# 24 hour Post Office Lobbys...



## Ned1Sanders (Dec 16, 2012)

Some small towns and citys have 24 post office lobbys but it is hit or miss...stayed in one last week in old 1930s era grand post office with steam heat...toasty!


----------



## Johnny P (Dec 18, 2012)

I think that could count as Tresspassing on Federal Property, which happens to be a felony. I'll stick to simple Tresspass which is a misdemeanor or even an infraction in some places. I don't fuck around a Fed property.


----------



## Ravenhood (Dec 18, 2012)

I stayed in one in Drumheller, Alberta, Canada. It was kinda awkward but did the job of keeping us warm. Only had a person come in once, then around 5:30am two women employees came in. Near opening time they told us we had to leave but they were pretty nice about it. I know it's maybe not the best place to sleep if you're trying to avoid the cops, but it worked out for us. in Canada.

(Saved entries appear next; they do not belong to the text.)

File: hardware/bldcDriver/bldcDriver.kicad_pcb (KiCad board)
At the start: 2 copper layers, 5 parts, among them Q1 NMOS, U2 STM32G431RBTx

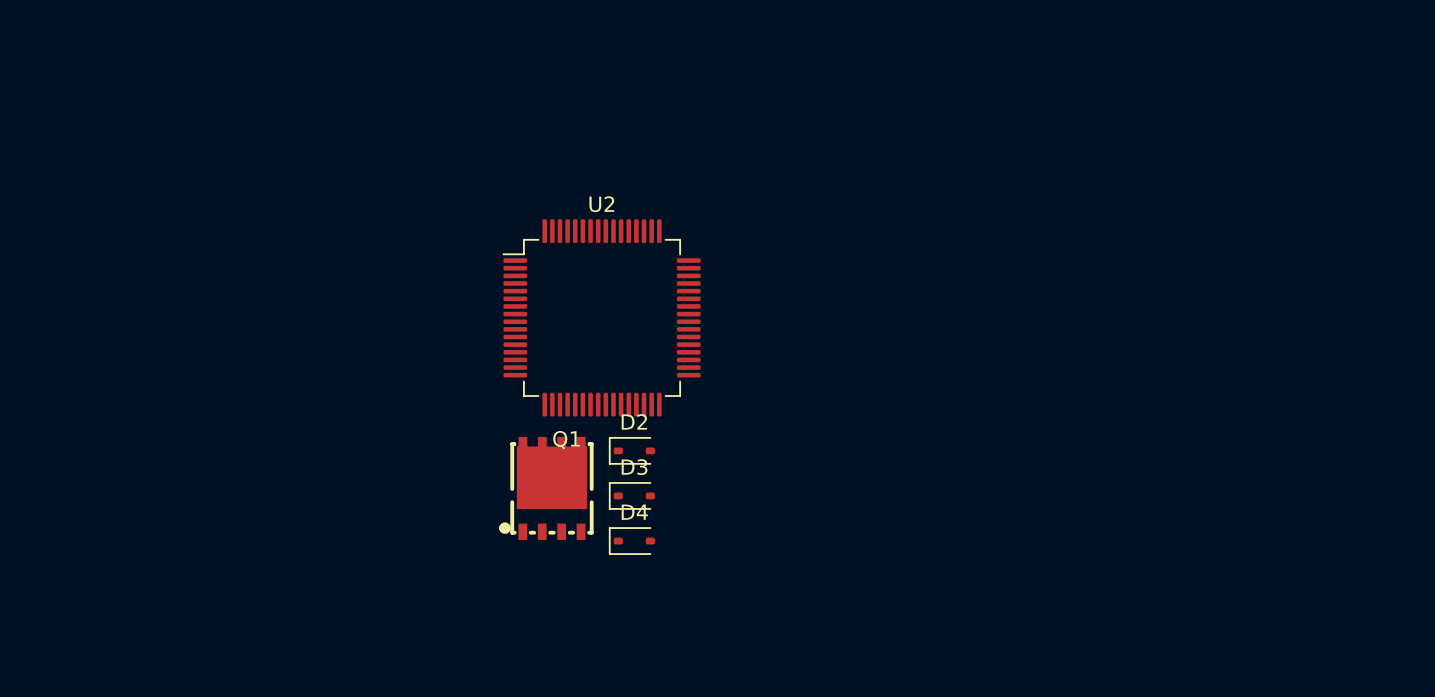
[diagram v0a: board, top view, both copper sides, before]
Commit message: motorDriver sch update
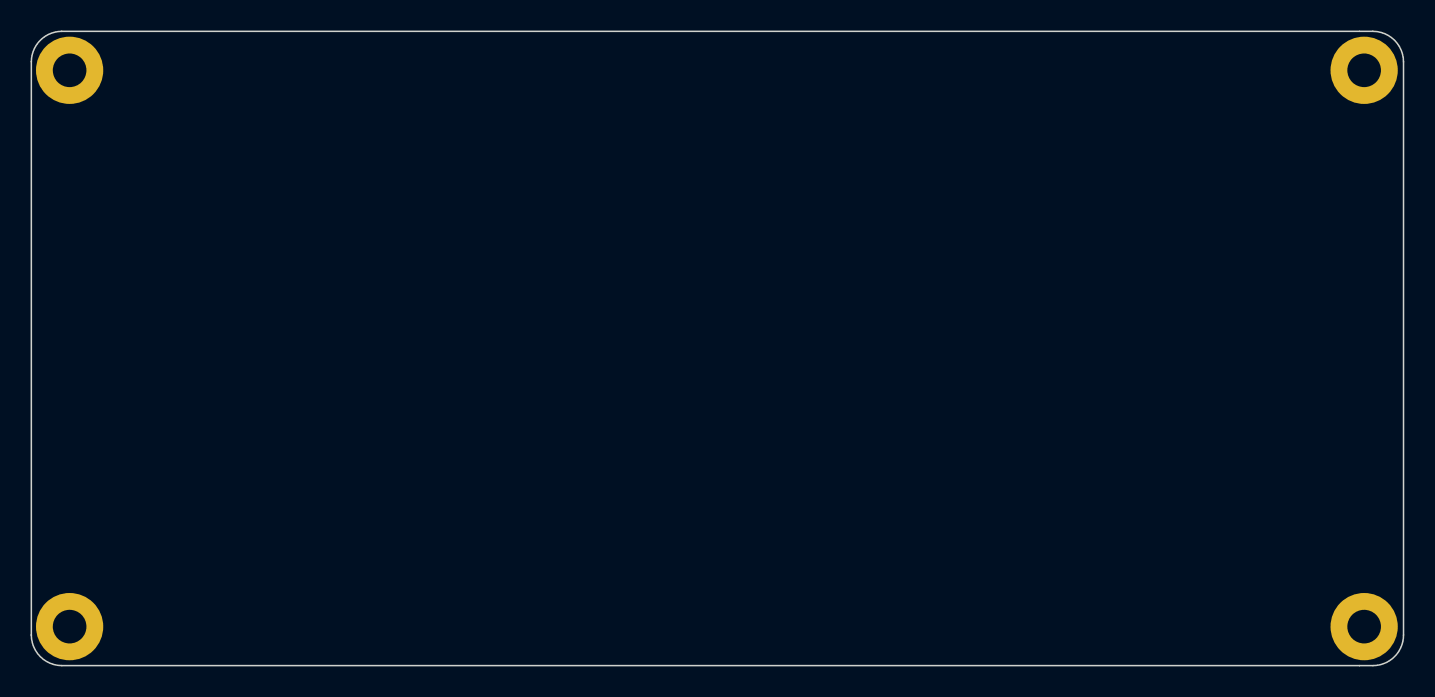
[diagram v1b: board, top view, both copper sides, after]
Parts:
- removed D2, D3, D4: 1N5819WS, Diode_SMD:D_SOD-323
- removed Q1: NMOS, balancerDriver:PDFN-8_L4.9-W5.8-P1.27-LS6.1-BL
- removed U2: STM32G431RBTx, Package_QFP:LQFP-64_10x10mm_P0.5mm
- added ?: , , F.Cu at (56.0, 57.6)
- added ?: , , F.Cu at (140.7, 57.6)
- added ?: , , F.Cu at (140.7, 94.0)
- added ?: , , F.Cu at (56.0, 94.0)
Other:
- board outline added: 89.8 x 41.5 mm

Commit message: update driver pcb
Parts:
- added C1: 10n, Capacitor_SMD:C_0603_1608Metric_Pad1.08x0.95mm_HandSolder, B.Cu at (46.1, 39.1)
- added C10: 47u, Capacitor_SMD:C_1206_3216Metric_Pad1.33x1.80mm_HandSolder, B.Cu at (71.5, 43.2)
- added C11: 10u, Capacitor_SMD:C_0805_2012Metric_Pad1.18x1.45mm_HandSolder, F.Cu at (45.0, 33.7)
- added C12: 100nF/25V, Capacitor_SMD:C_0603_1608Metric_Pad1.08x0.95mm_HandSolder, B.Cu at (96.2, 40.3)
- added C14: 100n, Capacitor_SMD:C_0603_1608Metric_Pad1.08x0.95mm_HandSolder, B.Cu at (103.3, 46.0)
- added C15: 100n, Capacitor_SMD:C_0603_1608Metric_Pad1.08x0.95mm_HandSolder, B.Cu at (106.8, 42.8)
- added C16: 100n, Capacitor_SMD:C_0603_1608Metric_Pad1.08x0.95mm_HandSolder, B.Cu at (106.8, 39.4)
- added C17: 100n, Capacitor_SMD:C_0603_1608Metric_Pad1.08x0.95mm_HandSolder, F.Cu at (89.8, 53.2)
- added C18: 100n, Capacitor_SMD:C_0603_1608Metric_Pad1.08x0.95mm_HandSolder, F.Cu at (74.8, 40.6)
- added C19: 100n, Capacitor_SMD:C_0603_1608Metric_Pad1.08x0.95mm_HandSolder, F.Cu at (90.0, 40.6)
- added C2: 47u, Capacitor_SMD:C_1206_3216Metric_Pad1.33x1.80mm_HandSolder, B.Cu at (56.4, 35.8)
- added C20: 100n, Capacitor_SMD:C_0603_1608Metric_Pad1.08x0.95mm_HandSolder, F.Cu at (74.3, 51.0)
- added C21: 470n, Capacitor_SMD:C_0603_1608Metric_Pad1.08x0.95mm_HandSolder, F.Cu at (85.4, 55.2)
- added C25: 100nF/25V, Capacitor_SMD:C_0603_1608Metric_Pad1.08x0.95mm_HandSolder, B.Cu at (67.6, 47.9)
- added C26: 100n, Capacitor_SMD:C_0603_1608Metric_Pad1.08x0.95mm_HandSolder, B.Cu at (60.3, 41.7)
- added C27: 100n, Capacitor_SMD:C_0603_1608Metric_Pad1.08x0.95mm_HandSolder, B.Cu at (57.3, 45.5)
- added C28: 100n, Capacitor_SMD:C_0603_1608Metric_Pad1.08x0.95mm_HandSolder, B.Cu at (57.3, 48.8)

No experience in the States but I can imagine it'd be more difficult...


----------



## trainfinder222 (Jan 4, 2013)

Its hit or miss...those that are near the applacian trail get hikers all the time waiting to uload or pick up care pacages


----------



## wokofshame (Jan 4, 2013)

Yeah, it might be federal property, but the question is, would a federal attorney really want to waste their time prosecuting some bums caught sleeping in a PO? I wouldn't really be all that worried.
My larger concern would be people coming in in the middle of the night, it sounds worth a try though.
I have a buddy who slept in a bank ATM lobby and made it to 6am without anybody coming in.


----------